Why did the British not employ any Cuirassiers in the Napoleonic wars when the other major nations seemed to desire a host of them ?
Russ Dunaway

pfmodel14 Jan 2022 8:35 p.m. PST

I thought the British did have cuirass equipped cavalry, its just they were not called cuirassiers. I also seemed to remember they only wore their armour during an early invasion of Europe and never again.

Irrespective Cuirassiers were what is loosely termed heavy cavalry, big horses, big men and strait and long swords. The British had plenty of those.

Durham Tiger14 Jan 2022 9:00 p.m. PST

The Royal Horse Guards did campaign in Flanders in 1793/4 with cuirasses, but it was found that they rusted quickly, and were more trouble than they were worth.

The practice was not continued.

johannes5515 Jan 2022 4:30 a.m. PST

I cannot remember ever seen 1793 british cavalry in cuirass; any picture please

42flanker15 Jan 2022 5:11 a.m. PST

Apparently 'supplied' but not worn, or not for long.

From 'An Historical Record of the Royal Regiment of Horse Guards: Or, Oxford Blues"
By Edmund Packe, Late Captain, Royal orse Guards 1847
(Part of the 'National Military Record series supervised by Richard Cannon. Of varying reliability.)
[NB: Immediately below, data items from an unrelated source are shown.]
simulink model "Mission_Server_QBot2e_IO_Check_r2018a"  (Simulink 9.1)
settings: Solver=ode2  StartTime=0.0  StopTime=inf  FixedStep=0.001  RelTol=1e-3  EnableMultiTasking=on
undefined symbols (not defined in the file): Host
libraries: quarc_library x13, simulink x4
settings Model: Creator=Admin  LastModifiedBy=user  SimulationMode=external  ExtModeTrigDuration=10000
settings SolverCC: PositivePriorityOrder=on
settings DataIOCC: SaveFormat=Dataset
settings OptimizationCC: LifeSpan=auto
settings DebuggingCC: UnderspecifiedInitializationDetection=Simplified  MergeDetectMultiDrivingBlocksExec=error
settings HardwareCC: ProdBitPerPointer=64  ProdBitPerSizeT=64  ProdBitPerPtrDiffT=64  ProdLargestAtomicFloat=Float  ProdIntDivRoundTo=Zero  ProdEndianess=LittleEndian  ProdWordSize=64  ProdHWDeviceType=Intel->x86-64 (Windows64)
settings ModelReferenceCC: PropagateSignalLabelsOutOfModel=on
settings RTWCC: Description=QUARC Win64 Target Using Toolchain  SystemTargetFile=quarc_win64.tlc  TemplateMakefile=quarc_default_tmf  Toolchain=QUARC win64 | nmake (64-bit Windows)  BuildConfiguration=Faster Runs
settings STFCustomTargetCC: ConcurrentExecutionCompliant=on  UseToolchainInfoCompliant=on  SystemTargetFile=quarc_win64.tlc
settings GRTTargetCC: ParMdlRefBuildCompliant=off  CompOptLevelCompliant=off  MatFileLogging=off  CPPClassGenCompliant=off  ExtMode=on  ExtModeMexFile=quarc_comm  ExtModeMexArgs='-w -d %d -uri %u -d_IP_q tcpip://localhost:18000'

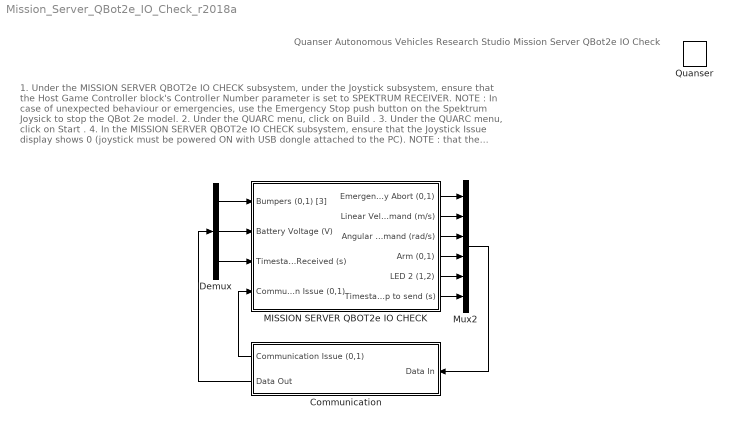
== system Mission_Server_QBot2e_IO_Check_r2018a ==
  note: 1. Under the MISSION SERVER QBOT2e IO CHECK subsystem, under the Joystick subsystem, ensure that the Host Game Controller block's Controller Number parameter is set to SPEKTRUM RECEIVER.
      | NOTE : In case of unexpected behaviour or emergencies, use the Emergency Stop push button on the Spektrum Joysick to stop the QBot 2e model.
      | 2. Under the QUARC menu, click on Build .
      | 3. Under the QUARC menu, click on Start .
      | 4. In the MISSION SERVER QBOT2e IO CHECK subsystem, ensure that the Joystick Issue display shows 0 (joystick must be powered ON with USB dongle attached to the PC).
      | NOTE : that the Loop-back Time (s) display SHOULD display an increasing time value until the QBot 2e Stabilizer model is running. When it is running, this display should oscillate around a small value (~0.004 to 0.005s).
  note: Quanser Autonomous Vehicles Research Studio
      | Mission Server QBot2e IO Check
  Communication : Subsystem
  Demux : Demux  Outputs=[3 1 1 ]
  MISSION SERVER QBOT2e IO CHECK : Subsystem
  Mux2 : Mux  Inputs=6
  Quanser : quarc_library/Logos/Quanser
  wires:
  Communication/2(Data Out) -> Demux/1
  Demux/3 -> MISSION SERVER QBOT2e IO CHECK/3(Timestamp Received (s))
  Demux/1 -> MISSION SERVER QBOT2e IO CHECK/1(Bumpers (0,1) [3])
  Demux/2 -> MISSION SERVER QBOT2e IO CHECK/2(Battery Voltage (V))
  Communication/1(Communication Issue (0,1)) -> MISSION SERVER QBOT2e IO CHECK/4(Communication Issue (0,1))
  MISSION SERVER QBOT2e IO CHECK/1(Emergency Abort (0,1)) -> Mux2/1
  MISSION SERVER QBOT2e IO CHECK/2(Linear Velocity Command (m/s)) -> Mux2/2
  MISSION SERVER QBOT2e IO CHECK/3(Angular Velocity Command (rad/s)) -> Mux2/3
  MISSION SERVER QBOT2e IO CHECK/4(Arm (0,1)) -> Mux2/4
  MISSION SERVER QBOT2e IO CHECK/5(LED 2 (1,2)) -> Mux2/5
  MISSION SERVER QBOT2e IO CHECK/6(Timestamp to send (s)) -> Mux2/6
  Mux2/1 -> Communication/1(Data In)

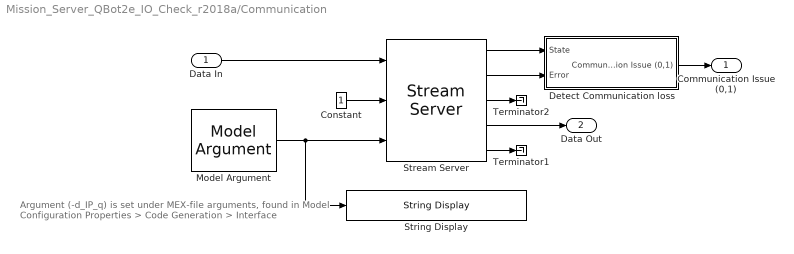
== system Mission_Server_QBot2e_IO_Check_r2018a/Communication ==
  note: Argument (-d_IP_q) is set under
      | MEX-file arguments, found in
      | Model Configuration Properties > Code Generation > Interface
  Data In : Inport
  Constant : Constant
  Detect Communication loss : Subsystem
  Model Argument : quarc_library/Sources/Signals/Model Argument  argument_name=d_IP_q  has_value=on  data_type_mode=Specify via dialog  data_type=char  max_length=80  default_value=0  variable_size=off
      settings: AttributesFormatString=(-%<argument_name>)  SourceProductName=QUARC Targets
  Stream Server : quarc_library/Communications/Basic/Stream Server  uri_source=External input port  uri=tcpip://localhost:18666  apply_uri_to_all_configs=off  send_buffer_size=1460  receive_buffer_size=1460  byte_order=little endian (Intel - LSB first)  optimization=Minimum latency  send_options=Send most recent data  receive_options=Receive most recent data  default_value=zeros(1,5)  sample_time=qc_get_step_size  active=off  implementation=Use blocking I/O in a separate thread  send_fifo_size=1  receive_fifo_size=1  send_priority=0  receive_priority=0  send_dimensions=off  receive_dimensions=off  max_dimensions=-1  data_type=double  type_expr=BusObject
  "String Display " : quarc_library/Strings/String Display  alignment=center  display_mode=Single line  sample_time=-1  use_new=off
      settings: SourceProductName=QUARC Targets
  Terminator1 : Terminator
  Terminator2 : Terminator
  Communication Issue (0,1) : Outport  VectorParamsAs1DForOutWhenUnconnected=off
  Data Out : Outport  Port=2  VectorParamsAs1DForOutWhenUnconnected=off
  wires:
  Stream Server/3 -> Terminator2/1
  Constant/1 -> Stream Server/2
  Stream Server/1 -> Detect Communication loss/1(State)
  Data In/1 -> Stream Server/1
  Model Argument/1 -> Stream Server/3, "String Display "/1
  Stream Server/4 -> Data Out/1
  Stream Server/5 -> Terminator1/1
  Stream Server/2 -> Detect Communication loss/2(Error)
  Detect Communication loss/1(Communication Issue (0,1)) -> Communication Issue (0,1)/1

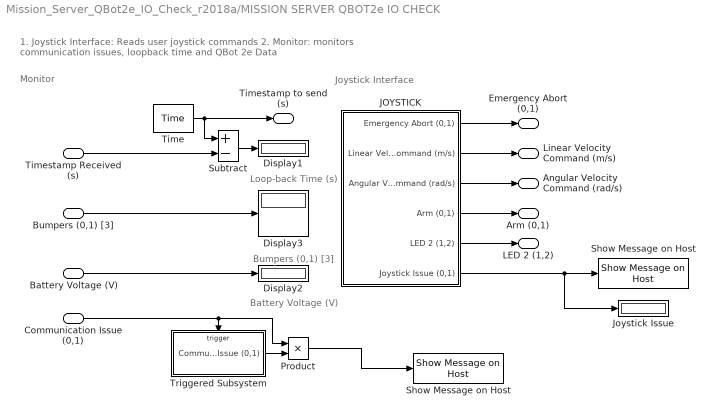
== system Mission_Server_QBot2e_IO_Check_r2018a/MISSION SERVER QBOT2e IO CHECK ==
  note: Monitor
  note: Joystick Interface
  note: 1. Joystick Interface: Reads user joystick commands
      | 2. Monitor: monitors communication issues, loopback time and QBot 2e Data
  note: Battery Voltage (V)
  note: Bumpers (0,1) [3]
  note: Loop-back Time (s)
  Bumpers (0,1) [3] : Inport
  Battery Voltage (V) : Inport  Port=2
  Timestamp Received (s) : Inport  Port=3
  Communication Issue (0,1) : Inport  Port=4
  Display1 : Display
  Display2 : Display
  Display3 : Display
  JOYSTICK : Subsystem
  Joystick Issue : Display
  Product : Product
  Show Message on Host : quarc_library/Sinks/Error Handling/Show Message on Host  message_type=Fixed error message  message_icon=Warning  message=Mission Server: Communication Issue with QBot2e
      settings: AttributesFormatString="\"%<message>\""  SourceProductName=QUARC Targets
  "Show Message on Host " : quarc_library/Sinks/Error Handling/Show Message on Host  message_type=Fixed error message  message_icon=Warning  message=Mission Server: Joystick Disconnected
      settings: AttributesFormatString="\"%<message>\""  SourceProductName=QUARC Targets
  Subtract : Sum  Inputs=+-
  Time : quarc_library/Sources/Time/Time  time_source=Wall clock  sample_time=qc_get_step_size
  Triggered Subsystem : Subsystem  TreatAsAtomicUnit=on
  Emergency Abort (0,1) : Outport  VectorParamsAs1DForOutWhenUnconnected=off
  Linear Velocity Command (m/s) : Outport  Port=2  VectorParamsAs1DForOutWhenUnconnected=off
  Angular Velocity Command (rad/s) : Outport  Port=3  VectorParamsAs1DForOutWhenUnconnected=off
  Arm (0,1) : Outport  Port=4  VectorParamsAs1DForOutWhenUnconnected=off
  LED 2 (1,2) : Outport  Port=5  VectorParamsAs1DForOutWhenUnconnected=off
  Timestamp to send (s) : Outport  Port=6  VectorParamsAs1DForOutWhenUnconnected=off
  wires:
  JOYSTICK/6(Joystick Issue (0,1)) -> "Show Message on Host "/1, Joystick Issue/1
  Battery Voltage (V)/1 -> Display2/1
  Bumpers (0,1) [3]/1 -> Display3/1
  Communication Issue (0,1)/1 -> Product/1, Triggered Subsystem/Trigger
  Triggered Subsystem/1(Communication Issue (0,1)) -> Product/2
  Product/1 -> Show Message on Host/1
  Time/1 -> Timestamp to send (s)/1, Subtract/1
  Timestamp Received (s)/1 -> Subtract/2
  Subtract/1 -> Display1/1
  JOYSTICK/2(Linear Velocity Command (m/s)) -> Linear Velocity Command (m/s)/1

"At the magnificent ceremonial of the coronation of King George IV. (July 19), the Blues were present, and furnished the King's Life Guard upon the occasion.

On that day the Household Brigade first appeared in cuirasses, which it has ever since continued to wear*; and a further remarkable alteration took place in the appointments of the Blues: the buff belts, by which the Regiment had been distinguished from the period of its first establishment, were now laid aside and exchanged for those of white.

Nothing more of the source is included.